→ WHAT YOU ARE ASKED TO DO: Among the lines below, keep only those from the one containing "#7150 = DIRECTION" through the one containing "#17121 = CARTESIAN_POINT", and reproduce them exactly.

(Stored data)
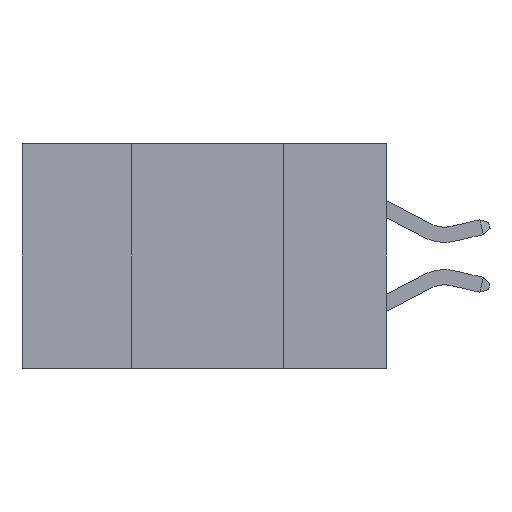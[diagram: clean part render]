
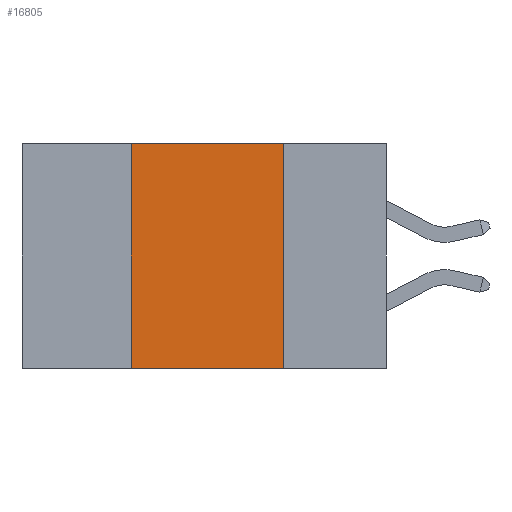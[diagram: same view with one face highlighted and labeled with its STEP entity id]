
A CAD part, left-side view. The second image highlights one B-rep face of the part: STEP entity #16805.
In plain terms, the highlighted planar face has unit normal (-1, 0, 0).
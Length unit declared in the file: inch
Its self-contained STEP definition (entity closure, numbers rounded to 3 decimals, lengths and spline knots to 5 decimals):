
#693 = AXIS2_PLACEMENT_3D ( 'NONE', #1063, #7150, #2320 ) ;
#1063 = CARTESIAN_POINT ( 'NONE',  ( 0., 0.6, 0. ) ) ;
#2320 = DIRECTION ( 'NONE',  ( 0., 0., -1. ) ) ;
#2577 = LINE ( 'NONE', #18727, #15967 ) ;
#2779 = VERTEX_POINT ( 'NONE', #20084 ) ;
#2945 = DIRECTION ( 'NONE',  ( 0., 0., -1. ) ) ;
#3399 = EDGE_LOOP ( 'NONE', ( #12704, #14373, #9340, #19234 ) ) ;
#5421 = VECTOR ( 'NONE', #2945, 39.37008 ) ;
#5495 = VERTEX_POINT ( 'NONE', #17121 ) ;
#5965 = CARTESIAN_POINT ( 'NONE',  ( 0., 0.6, -0.37 ) ) ;
#7150 = DIRECTION ( 'NONE',  ( 1., 0., 0. ) ) ;
#8870 = DIRECTION ( 'NONE',  ( 0., -1., 0. ) ) ;
#9112 = DIRECTION ( 'NONE',  ( 0., -1., 0. ) ) ;
#9340 = ORIENTED_EDGE ( 'NONE', *, *, #11252, .F. ) ;
#9462 = LINE ( 'NONE', #17316, #5421 ) ;
#9557 = EDGE_CURVE ( 'NONE', #15538, #2779, #20315, .T. ) ;
#10560 = LINE ( 'NONE', #18726, #18386 ) ;
#11252 = EDGE_CURVE ( 'NONE', #15538, #19540, #2577, .T. ) ;
#12704 = ORIENTED_EDGE ( 'NONE', *, *, #16947, .F. ) ;
#13238 = CARTESIAN_POINT ( 'NONE',  ( 0., 0.42, 0. ) ) ;
#14373 = ORIENTED_EDGE ( 'NONE', *, *, #14478, .F. ) ;
#14478 = EDGE_CURVE ( 'NONE', #19540, #5495, #10560, .T. ) ;
#15454 = PLANE ( 'NONE',  #693 ) ;
#15538 = VERTEX_POINT ( 'NONE', #20350 ) ;
#15967 = VECTOR ( 'NONE', #20294, 39.37008 ) ;
#15969 = VECTOR ( 'NONE', #9112, 39.37008 ) ;
#16697 = FACE_OUTER_BOUND ( 'NONE', #3399, .T. ) ;
#16805 = ADVANCED_FACE ( 'NONE', ( #16697 ), #15454, .F. ) ;
#16947 = EDGE_CURVE ( 'NONE', #5495, #2779, #9462, .T. ) ;
#17121 = CARTESIAN_POINT ( 'NONE',  ( 0., 0.17, 0. ) ) ;
#17316 = CARTESIAN_POINT ( 'NONE',  ( 0., 0.17, -0.37 ) ) ;
#18386 = VECTOR ( 'NONE', #8870, 39.37008 ) ;
#18726 = CARTESIAN_POINT ( 'NONE',  ( 0., 0.6, 0. ) ) ;
#18727 = CARTESIAN_POINT ( 'NONE',  ( 0., 0.42, -0.37 ) ) ;
#19234 = ORIENTED_EDGE ( 'NONE', *, *, #9557, .T. ) ;
#19540 = VERTEX_POINT ( 'NONE', #13238 ) ;
#20084 = CARTESIAN_POINT ( 'NONE',  ( 0., 0.17, -0.37 ) ) ;
#20294 = DIRECTION ( 'NONE',  ( 0., 0., 1. ) ) ;
#20315 = LINE ( 'NONE', #5965, #15969 ) ;
#20350 = CARTESIAN_POINT ( 'NONE',  ( 0., 0.42, -0.37 ) ) ;

→ SOLUTION FOR THIS PROBLEM:
#7150 = DIRECTION ( 'NONE',  ( 1., 0., 0. ) ) ;
#8870 = DIRECTION ( 'NONE',  ( 0., -1., 0. ) ) ;
#9112 = DIRECTION ( 'NONE',  ( 0., -1., 0. ) ) ;
#9340 = ORIENTED_EDGE ( 'NONE', *, *, #11252, .F. ) ;
#9462 = LINE ( 'NONE', #17316, #5421 ) ;
#9557 = EDGE_CURVE ( 'NONE', #15538, #2779, #20315, .T. ) ;
#10560 = LINE ( 'NONE', #18726, #18386 ) ;
#11252 = EDGE_CURVE ( 'NONE', #15538, #19540, #2577, .T. ) ;
#12704 = ORIENTED_EDGE ( 'NONE', *, *, #16947, .F. ) ;
#13238 = CARTESIAN_POINT ( 'NONE',  ( 0., 0.42, 0. ) ) ;
#14373 = ORIENTED_EDGE ( 'NONE', *, *, #14478, .F. ) ;
#14478 = EDGE_CURVE ( 'NONE', #19540, #5495, #10560, .T. ) ;
#15454 = PLANE ( 'NONE',  #693 ) ;
#15538 = VERTEX_POINT ( 'NONE', #20350 ) ;
#15967 = VECTOR ( 'NONE', #20294, 39.37008 ) ;
#15969 = VECTOR ( 'NONE', #9112, 39.37008 ) ;
#16697 = FACE_OUTER_BOUND ( 'NONE', #3399, .T. ) ;
#16805 = ADVANCED_FACE ( 'NONE', ( #16697 ), #15454, .F. ) ;
#16947 = EDGE_CURVE ( 'NONE', #5495, #2779, #9462, .T. ) ;
#17121 = CARTESIAN_POINT ( 'NONE',  ( 0., 0.17, 0. ) ) ;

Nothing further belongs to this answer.